- Blog Post by: Colin Covert
- September 20, 2012 - 1:13 PM
The expanded consciousness of the 1960s and early ‘70s called for an expanded definition of art to express it. Avant-garde American cinema was swept up into the ferment, rejecting fiction, drama and realism. No longer were films mere illustrated stories where all the creative work had been done by the writer. Independent visionaries began taking their cues from abstract art, free jazz and Beat poetry.
The new Walker Art Center exhibition “The Renegades, American Avant-Garde Film 1960-1973” features six mavericks of that era: Bruce Baillie, Stan Brakhage, Bruce Connor, Hollis Frampton, Ernie Gehr and Gunvor Nelson. Short features from each run continuously in the gallery space, creating a multiplex anthology of radical filmmaking.
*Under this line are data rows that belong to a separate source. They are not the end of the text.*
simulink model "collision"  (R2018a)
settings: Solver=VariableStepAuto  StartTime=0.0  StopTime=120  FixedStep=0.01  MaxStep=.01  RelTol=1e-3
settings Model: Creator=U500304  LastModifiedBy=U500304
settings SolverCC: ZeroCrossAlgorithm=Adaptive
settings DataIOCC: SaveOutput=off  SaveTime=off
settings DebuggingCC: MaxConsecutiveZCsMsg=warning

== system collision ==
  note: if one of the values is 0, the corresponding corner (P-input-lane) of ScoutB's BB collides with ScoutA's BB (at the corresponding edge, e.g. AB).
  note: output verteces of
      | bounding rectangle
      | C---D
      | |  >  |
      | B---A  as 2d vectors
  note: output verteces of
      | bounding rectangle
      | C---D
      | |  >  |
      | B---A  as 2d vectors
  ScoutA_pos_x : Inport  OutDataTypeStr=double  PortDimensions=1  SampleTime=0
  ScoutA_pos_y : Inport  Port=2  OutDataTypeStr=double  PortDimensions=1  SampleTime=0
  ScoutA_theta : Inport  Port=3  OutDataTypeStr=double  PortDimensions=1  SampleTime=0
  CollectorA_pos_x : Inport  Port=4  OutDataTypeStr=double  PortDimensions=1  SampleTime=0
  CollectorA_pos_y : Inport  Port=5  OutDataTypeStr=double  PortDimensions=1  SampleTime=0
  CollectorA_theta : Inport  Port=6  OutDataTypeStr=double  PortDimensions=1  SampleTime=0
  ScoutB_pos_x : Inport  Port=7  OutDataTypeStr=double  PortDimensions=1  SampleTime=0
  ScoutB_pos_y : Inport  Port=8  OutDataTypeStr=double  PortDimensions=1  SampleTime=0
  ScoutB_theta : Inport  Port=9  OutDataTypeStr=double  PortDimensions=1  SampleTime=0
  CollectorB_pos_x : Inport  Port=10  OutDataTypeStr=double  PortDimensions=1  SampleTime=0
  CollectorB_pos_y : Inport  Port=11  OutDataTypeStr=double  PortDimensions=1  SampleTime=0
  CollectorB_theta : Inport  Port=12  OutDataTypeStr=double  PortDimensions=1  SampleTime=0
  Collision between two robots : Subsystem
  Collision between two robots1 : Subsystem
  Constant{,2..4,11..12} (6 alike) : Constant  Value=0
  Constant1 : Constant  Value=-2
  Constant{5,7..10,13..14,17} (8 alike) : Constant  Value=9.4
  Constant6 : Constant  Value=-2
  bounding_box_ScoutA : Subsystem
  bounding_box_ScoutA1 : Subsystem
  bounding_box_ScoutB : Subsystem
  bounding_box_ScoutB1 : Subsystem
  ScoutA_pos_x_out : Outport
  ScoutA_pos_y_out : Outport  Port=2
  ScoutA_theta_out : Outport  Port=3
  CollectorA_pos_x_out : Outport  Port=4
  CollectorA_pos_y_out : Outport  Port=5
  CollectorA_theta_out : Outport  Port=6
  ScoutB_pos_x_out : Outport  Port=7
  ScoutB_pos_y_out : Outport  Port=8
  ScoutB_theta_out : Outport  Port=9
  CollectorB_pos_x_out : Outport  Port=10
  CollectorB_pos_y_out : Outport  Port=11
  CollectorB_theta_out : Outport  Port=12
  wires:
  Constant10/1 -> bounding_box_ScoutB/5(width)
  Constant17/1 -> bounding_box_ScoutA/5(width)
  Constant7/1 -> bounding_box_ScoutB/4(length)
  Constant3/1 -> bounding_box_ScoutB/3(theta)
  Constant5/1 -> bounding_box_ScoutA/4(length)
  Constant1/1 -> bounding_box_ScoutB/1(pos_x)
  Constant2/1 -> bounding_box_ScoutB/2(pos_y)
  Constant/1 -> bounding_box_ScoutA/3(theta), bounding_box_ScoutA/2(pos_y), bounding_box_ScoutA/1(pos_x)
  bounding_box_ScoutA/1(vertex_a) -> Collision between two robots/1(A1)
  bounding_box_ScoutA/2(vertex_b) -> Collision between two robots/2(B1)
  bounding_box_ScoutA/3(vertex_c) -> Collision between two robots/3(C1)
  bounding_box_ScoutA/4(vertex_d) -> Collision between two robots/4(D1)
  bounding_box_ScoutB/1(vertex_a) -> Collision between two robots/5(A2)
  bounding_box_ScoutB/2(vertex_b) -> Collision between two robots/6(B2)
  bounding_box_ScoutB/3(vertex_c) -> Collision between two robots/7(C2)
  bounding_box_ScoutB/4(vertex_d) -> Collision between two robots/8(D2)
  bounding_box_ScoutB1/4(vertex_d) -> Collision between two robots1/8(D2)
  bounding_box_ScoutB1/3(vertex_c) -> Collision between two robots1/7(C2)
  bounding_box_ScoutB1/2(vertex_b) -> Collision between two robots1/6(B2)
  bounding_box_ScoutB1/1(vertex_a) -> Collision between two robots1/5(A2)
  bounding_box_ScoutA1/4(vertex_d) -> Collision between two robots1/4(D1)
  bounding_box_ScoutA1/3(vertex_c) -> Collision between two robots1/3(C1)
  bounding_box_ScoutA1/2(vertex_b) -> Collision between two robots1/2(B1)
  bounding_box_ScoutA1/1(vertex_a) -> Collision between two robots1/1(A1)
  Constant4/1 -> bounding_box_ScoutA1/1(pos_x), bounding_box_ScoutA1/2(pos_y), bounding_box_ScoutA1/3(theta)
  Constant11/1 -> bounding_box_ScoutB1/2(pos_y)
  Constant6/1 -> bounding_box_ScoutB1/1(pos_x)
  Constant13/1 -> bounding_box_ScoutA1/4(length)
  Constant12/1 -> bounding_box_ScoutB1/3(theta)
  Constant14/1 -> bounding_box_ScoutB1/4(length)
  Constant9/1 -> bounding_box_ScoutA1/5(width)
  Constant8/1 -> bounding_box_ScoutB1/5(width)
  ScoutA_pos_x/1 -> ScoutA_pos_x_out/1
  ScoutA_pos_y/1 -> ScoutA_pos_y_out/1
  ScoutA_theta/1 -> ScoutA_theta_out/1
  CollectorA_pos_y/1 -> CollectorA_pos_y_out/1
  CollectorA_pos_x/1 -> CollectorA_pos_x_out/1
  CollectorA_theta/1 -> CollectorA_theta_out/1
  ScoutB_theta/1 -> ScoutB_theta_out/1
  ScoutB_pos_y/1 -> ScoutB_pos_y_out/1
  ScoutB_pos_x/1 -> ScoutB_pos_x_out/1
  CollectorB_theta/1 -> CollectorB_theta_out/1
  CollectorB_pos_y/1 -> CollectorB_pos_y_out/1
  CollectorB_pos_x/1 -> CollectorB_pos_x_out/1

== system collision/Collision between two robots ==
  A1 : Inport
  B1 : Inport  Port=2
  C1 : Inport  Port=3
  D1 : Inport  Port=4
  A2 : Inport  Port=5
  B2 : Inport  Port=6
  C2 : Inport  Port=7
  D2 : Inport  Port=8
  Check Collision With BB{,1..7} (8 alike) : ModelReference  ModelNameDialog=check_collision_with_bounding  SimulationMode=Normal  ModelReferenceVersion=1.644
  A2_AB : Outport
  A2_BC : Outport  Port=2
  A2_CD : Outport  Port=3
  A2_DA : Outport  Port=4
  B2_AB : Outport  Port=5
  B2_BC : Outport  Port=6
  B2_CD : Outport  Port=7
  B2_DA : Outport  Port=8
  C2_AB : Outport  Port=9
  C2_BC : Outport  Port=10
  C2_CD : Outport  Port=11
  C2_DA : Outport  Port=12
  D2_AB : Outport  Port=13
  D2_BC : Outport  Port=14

The breadth of invention on display runs from Brakhage’s 1963 “Mothlight,” consisting of leaves, moth wings and other organic matter sandwiched between projector strips of Mylar, to Nelson’s “My Name Is Oona,” a 1969 portrait of her seven-year-old daughter whose droning soundtrack and fragmented editing suggest the reveries of childhood.
The exhibit opens Thursday, Sept. 20, with a special screening from the museum’s film collection. Thai filmmaker Apichatpong Weerasethakul chose a program of nine key film shorts from the American experimental cinema movement.
On Oct. 18, Minneapolis visual artist Cameron Gainer presents a selection of films by Brakhage. Filmmaker Sally Dixon is the featured artist Nov. 29, with former Walker film curator Melinda Ward taking the reins Dec. 20 with her own selection of landmark featurettes.
The series runs through Jan. 6.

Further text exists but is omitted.